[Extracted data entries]
-- -- --
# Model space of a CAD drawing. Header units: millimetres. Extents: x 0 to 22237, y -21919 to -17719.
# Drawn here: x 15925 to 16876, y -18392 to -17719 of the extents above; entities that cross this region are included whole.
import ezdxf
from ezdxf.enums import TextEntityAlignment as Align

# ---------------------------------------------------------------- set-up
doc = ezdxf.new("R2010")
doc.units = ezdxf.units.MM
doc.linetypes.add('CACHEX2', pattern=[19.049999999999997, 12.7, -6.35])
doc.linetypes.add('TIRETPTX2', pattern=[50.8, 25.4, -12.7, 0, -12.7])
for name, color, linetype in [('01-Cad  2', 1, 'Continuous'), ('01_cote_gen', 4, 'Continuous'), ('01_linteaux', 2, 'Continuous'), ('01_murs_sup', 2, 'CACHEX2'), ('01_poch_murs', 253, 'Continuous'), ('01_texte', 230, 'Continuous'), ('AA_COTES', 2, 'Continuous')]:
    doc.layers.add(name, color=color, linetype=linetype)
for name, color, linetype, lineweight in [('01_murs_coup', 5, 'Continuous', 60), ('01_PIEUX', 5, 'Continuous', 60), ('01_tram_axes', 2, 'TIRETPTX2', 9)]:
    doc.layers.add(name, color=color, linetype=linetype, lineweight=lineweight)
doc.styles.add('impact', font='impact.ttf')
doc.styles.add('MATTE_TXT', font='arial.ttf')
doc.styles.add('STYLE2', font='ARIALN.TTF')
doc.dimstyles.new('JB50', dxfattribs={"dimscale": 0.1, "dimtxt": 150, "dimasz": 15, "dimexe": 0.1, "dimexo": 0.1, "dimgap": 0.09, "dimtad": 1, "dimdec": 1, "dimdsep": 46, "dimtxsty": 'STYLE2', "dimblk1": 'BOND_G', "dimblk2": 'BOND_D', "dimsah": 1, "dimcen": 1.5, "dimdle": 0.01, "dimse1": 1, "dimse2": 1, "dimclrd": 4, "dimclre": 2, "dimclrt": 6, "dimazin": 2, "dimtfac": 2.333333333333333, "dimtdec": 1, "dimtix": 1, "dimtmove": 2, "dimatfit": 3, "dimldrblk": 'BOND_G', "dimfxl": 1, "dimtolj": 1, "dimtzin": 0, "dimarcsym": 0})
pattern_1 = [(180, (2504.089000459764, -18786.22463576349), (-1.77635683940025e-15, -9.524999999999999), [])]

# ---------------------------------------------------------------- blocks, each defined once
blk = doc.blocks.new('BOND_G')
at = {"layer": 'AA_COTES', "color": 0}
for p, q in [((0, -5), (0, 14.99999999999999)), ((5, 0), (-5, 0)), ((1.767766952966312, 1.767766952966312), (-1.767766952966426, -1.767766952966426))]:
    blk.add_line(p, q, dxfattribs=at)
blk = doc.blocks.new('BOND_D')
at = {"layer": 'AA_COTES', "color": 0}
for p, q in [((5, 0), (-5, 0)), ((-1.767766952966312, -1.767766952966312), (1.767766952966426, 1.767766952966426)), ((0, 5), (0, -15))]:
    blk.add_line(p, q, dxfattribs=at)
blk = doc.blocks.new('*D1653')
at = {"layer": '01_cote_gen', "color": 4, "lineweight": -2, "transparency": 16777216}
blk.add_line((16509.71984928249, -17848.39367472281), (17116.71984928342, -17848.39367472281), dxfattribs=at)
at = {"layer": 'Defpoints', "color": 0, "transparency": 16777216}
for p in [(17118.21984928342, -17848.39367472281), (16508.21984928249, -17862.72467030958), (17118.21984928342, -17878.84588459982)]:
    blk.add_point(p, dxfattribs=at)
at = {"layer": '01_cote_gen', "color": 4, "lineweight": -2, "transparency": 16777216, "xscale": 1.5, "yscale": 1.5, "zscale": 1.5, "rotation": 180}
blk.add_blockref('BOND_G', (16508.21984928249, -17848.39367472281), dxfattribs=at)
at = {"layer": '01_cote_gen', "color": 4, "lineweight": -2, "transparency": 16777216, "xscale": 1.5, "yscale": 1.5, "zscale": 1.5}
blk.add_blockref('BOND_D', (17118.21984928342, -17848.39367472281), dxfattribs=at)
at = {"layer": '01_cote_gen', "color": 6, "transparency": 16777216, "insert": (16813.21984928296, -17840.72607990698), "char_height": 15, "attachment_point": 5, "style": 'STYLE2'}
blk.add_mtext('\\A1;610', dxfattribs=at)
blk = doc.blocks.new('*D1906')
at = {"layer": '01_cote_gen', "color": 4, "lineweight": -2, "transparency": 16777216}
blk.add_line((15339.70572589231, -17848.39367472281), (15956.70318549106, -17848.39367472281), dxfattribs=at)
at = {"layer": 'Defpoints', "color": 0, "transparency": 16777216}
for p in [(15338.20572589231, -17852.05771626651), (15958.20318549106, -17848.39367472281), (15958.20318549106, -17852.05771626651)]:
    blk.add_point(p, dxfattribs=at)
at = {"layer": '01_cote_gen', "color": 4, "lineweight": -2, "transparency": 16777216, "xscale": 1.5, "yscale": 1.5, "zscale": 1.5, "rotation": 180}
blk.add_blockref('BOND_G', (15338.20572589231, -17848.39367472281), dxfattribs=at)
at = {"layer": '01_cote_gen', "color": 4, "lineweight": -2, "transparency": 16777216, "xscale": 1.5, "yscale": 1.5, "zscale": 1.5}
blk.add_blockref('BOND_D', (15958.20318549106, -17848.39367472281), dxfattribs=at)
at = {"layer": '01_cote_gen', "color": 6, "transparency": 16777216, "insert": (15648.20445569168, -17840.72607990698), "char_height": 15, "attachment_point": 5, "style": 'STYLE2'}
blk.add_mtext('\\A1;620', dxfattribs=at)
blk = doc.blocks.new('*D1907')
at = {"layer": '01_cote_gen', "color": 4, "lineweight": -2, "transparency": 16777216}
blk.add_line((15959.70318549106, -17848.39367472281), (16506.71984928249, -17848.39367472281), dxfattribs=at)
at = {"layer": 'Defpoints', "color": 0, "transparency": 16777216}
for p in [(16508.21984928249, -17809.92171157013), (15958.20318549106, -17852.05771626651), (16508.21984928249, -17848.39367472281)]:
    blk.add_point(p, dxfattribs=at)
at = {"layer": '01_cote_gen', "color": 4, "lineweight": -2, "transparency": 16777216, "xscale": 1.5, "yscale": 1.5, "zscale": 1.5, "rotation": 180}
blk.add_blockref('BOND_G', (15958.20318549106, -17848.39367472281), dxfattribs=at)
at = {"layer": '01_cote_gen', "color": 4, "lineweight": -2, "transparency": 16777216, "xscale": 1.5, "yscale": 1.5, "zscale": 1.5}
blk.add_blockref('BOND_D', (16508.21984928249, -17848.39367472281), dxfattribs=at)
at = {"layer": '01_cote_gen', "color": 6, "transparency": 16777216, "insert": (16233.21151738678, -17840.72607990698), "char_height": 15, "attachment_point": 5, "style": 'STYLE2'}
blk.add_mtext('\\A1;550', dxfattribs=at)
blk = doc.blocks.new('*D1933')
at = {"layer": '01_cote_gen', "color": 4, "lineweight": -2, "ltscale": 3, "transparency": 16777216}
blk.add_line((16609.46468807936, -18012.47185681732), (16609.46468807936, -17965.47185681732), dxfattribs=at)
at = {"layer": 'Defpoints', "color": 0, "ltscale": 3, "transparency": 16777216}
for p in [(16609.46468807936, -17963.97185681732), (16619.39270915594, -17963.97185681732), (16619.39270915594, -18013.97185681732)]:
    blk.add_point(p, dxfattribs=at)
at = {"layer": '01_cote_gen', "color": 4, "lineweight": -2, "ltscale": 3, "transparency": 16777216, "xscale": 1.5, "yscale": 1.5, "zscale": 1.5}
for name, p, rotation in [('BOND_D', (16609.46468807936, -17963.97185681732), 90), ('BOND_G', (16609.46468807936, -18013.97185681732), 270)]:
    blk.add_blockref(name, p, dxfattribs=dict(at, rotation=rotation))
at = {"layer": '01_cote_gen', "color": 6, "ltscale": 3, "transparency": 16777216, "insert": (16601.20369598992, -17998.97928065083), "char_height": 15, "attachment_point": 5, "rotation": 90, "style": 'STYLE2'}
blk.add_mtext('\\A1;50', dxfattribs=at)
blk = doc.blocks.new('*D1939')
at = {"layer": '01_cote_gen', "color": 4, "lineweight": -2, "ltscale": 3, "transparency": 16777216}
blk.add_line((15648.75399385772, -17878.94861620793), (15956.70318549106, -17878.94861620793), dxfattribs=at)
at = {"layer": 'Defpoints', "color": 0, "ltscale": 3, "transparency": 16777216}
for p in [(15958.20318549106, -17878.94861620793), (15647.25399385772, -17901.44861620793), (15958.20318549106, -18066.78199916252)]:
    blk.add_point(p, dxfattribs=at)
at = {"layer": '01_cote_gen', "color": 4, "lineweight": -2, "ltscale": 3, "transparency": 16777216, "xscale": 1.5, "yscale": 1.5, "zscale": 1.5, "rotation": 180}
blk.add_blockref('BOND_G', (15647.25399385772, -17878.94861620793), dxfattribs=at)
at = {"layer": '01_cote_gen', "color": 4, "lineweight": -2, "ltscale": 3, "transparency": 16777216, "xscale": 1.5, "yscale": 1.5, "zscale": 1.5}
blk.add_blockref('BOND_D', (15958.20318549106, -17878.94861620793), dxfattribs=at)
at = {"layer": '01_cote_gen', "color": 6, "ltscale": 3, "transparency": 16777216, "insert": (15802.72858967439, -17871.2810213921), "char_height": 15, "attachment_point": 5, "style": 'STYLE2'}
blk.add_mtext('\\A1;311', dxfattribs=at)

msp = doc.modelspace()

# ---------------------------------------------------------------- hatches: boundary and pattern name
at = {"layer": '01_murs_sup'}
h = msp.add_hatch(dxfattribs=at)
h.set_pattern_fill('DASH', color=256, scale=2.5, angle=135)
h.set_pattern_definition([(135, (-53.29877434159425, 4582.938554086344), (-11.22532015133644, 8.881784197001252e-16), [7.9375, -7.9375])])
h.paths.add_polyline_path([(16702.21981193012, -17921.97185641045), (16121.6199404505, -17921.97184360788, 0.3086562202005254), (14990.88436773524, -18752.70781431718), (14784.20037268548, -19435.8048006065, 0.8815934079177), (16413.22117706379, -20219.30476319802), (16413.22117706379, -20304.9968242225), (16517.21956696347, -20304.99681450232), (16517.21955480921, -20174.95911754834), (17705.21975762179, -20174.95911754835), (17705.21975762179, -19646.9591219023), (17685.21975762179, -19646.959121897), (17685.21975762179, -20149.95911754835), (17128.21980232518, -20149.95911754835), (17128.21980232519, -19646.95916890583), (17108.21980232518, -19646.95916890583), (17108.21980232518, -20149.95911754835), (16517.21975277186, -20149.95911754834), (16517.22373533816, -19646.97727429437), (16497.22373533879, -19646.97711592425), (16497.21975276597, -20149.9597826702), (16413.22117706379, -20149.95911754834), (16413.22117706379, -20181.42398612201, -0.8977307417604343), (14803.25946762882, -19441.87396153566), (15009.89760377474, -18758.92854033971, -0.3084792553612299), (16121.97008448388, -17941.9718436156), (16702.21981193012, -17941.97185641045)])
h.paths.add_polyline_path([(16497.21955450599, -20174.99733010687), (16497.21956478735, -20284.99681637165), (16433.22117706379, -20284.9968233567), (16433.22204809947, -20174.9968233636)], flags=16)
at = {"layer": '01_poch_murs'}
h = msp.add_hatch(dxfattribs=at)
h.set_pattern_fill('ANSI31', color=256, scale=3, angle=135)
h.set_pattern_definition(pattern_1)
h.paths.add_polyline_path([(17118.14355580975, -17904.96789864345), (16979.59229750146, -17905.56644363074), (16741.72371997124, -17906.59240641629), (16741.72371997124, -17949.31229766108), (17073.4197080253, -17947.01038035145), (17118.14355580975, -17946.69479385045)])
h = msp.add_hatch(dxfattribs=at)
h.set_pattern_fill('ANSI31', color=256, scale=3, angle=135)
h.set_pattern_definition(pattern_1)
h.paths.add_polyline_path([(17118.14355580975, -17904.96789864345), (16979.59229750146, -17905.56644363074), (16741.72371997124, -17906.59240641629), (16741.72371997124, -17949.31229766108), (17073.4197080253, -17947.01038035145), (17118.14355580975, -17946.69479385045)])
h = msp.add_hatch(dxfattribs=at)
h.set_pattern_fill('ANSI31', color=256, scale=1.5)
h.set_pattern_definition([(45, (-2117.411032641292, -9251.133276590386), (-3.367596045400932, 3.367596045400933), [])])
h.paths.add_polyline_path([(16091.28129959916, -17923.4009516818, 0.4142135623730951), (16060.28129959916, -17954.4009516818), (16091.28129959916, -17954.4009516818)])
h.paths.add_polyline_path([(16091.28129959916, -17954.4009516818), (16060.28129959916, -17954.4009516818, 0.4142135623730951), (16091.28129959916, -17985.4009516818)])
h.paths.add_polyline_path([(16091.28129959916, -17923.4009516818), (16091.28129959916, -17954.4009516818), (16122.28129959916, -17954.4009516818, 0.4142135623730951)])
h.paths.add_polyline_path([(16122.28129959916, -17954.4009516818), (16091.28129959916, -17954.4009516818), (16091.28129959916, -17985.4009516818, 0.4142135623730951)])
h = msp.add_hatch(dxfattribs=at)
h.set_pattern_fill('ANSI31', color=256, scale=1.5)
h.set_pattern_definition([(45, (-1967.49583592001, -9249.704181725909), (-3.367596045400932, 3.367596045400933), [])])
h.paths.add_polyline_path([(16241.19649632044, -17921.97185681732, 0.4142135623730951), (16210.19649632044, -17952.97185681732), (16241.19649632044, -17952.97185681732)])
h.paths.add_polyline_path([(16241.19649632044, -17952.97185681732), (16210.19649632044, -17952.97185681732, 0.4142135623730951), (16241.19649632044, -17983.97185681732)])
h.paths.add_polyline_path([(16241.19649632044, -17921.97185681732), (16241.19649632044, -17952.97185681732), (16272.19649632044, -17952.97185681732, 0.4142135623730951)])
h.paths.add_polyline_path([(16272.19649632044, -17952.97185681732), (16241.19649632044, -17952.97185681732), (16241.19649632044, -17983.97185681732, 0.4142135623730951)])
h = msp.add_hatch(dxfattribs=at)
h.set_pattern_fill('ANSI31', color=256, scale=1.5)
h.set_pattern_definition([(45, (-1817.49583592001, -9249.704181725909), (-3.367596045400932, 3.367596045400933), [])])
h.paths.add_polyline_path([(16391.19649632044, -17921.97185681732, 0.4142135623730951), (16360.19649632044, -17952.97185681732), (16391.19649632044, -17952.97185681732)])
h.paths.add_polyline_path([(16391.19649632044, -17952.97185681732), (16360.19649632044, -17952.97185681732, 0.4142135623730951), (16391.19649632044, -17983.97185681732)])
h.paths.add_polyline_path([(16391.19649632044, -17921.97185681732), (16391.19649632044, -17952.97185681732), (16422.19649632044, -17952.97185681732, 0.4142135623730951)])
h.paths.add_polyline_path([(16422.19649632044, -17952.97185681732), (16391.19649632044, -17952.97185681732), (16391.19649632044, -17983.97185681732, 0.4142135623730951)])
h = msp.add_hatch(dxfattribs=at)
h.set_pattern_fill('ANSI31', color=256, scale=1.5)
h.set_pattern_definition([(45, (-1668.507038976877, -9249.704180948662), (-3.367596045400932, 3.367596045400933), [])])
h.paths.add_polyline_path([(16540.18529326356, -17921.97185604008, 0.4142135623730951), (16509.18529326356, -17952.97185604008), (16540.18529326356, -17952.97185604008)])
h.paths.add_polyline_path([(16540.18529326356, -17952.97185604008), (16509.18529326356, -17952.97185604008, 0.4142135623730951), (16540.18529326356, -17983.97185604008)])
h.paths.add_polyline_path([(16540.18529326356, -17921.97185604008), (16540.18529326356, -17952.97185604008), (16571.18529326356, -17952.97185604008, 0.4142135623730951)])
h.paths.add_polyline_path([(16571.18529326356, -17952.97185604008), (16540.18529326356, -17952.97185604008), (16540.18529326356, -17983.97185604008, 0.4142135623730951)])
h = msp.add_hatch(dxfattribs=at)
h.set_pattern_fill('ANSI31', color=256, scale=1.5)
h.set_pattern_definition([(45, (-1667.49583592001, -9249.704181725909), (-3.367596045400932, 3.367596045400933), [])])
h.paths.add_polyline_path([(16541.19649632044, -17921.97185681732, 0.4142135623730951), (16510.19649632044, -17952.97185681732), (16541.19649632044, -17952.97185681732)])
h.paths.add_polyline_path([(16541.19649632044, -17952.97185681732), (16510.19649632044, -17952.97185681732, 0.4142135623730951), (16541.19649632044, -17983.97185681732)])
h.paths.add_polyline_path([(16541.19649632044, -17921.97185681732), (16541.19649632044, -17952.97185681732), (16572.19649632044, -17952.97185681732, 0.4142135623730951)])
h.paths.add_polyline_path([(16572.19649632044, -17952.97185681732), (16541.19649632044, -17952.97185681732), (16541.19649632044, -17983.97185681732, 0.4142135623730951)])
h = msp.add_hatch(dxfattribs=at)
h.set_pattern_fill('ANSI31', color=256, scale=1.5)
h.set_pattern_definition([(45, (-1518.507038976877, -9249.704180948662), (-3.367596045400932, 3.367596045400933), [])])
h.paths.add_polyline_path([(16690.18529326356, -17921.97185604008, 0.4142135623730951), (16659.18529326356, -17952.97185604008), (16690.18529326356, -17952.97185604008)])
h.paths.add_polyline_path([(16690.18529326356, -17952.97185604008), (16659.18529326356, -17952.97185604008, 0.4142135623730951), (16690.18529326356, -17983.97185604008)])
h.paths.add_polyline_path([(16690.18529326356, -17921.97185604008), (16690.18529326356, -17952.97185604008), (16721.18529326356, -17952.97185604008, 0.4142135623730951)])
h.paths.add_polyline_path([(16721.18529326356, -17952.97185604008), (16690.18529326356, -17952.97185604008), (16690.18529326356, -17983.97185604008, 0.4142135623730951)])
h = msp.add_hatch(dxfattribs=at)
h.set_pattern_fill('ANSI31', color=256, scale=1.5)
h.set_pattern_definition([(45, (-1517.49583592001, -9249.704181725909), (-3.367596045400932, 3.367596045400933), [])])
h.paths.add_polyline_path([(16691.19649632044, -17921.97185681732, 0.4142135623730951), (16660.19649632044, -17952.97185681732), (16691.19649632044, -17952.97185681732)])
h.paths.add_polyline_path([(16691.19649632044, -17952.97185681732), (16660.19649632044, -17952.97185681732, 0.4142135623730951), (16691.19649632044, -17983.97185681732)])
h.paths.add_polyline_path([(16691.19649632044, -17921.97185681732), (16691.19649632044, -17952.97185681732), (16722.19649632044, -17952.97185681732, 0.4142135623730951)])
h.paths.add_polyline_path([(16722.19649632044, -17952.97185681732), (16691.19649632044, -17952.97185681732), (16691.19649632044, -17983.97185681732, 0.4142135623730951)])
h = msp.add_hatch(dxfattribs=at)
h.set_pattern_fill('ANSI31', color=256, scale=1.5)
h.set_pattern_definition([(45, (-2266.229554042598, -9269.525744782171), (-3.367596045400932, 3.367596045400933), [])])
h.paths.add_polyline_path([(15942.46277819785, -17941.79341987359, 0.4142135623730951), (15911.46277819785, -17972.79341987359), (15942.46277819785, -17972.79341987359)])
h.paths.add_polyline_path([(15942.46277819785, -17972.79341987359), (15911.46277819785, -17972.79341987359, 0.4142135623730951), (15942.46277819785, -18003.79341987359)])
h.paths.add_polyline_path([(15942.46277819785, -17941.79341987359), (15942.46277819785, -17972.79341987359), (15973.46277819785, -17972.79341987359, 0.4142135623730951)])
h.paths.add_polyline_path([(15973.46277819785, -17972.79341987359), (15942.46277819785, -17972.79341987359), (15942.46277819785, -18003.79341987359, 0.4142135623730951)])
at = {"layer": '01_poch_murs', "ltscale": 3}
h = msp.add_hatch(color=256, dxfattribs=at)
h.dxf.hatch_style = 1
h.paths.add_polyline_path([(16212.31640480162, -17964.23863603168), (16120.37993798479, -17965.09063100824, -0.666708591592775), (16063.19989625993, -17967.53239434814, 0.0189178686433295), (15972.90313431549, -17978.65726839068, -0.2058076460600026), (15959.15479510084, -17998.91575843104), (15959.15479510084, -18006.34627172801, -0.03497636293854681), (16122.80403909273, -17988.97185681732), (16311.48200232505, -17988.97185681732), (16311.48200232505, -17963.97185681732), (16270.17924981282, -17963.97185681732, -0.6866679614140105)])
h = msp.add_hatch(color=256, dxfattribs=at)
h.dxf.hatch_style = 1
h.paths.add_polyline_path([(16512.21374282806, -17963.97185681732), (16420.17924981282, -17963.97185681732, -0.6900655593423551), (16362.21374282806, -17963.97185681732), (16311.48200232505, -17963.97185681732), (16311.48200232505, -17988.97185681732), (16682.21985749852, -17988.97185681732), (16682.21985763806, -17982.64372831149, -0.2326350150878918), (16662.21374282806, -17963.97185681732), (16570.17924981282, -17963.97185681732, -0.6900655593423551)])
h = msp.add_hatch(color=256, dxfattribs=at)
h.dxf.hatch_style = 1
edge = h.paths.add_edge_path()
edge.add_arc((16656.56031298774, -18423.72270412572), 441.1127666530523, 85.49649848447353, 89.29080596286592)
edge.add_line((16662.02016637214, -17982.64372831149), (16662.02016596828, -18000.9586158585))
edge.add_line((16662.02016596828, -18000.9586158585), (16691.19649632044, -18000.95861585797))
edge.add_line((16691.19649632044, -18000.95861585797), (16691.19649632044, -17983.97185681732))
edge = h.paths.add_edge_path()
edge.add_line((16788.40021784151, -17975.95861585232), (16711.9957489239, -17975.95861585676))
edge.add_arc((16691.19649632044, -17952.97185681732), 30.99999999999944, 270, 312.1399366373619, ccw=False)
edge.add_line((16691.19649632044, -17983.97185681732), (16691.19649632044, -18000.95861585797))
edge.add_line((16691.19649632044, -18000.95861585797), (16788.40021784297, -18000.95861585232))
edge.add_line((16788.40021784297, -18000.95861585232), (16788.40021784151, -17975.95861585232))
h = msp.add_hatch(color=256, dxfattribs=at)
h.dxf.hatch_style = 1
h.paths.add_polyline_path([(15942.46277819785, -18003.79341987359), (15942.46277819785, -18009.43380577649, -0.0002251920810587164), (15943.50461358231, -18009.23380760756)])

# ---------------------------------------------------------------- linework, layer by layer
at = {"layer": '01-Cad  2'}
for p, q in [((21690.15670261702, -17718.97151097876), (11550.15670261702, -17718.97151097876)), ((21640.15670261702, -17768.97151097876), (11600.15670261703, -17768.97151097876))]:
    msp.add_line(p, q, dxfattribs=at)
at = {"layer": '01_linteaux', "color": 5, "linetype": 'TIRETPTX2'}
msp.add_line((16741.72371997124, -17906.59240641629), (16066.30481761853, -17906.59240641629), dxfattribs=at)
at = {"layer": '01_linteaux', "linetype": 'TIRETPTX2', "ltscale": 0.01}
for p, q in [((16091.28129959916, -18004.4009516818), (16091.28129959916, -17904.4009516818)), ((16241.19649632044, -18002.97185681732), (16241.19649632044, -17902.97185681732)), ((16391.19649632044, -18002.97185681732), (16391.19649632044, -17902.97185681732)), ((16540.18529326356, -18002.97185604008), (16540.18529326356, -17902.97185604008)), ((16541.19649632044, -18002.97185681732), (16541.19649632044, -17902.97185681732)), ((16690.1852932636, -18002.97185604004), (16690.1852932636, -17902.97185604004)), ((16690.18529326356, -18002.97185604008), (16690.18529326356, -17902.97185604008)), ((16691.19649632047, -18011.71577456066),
-- -- --
What the exercise asks: Wherever a line above contains the string "units", copy that line.

Answer space:
# Model space of a CAD drawing. Header units: millimetres. Extents: x 0 to 22237, y -21919 to -17719.
doc.units = ezdxf.units.MM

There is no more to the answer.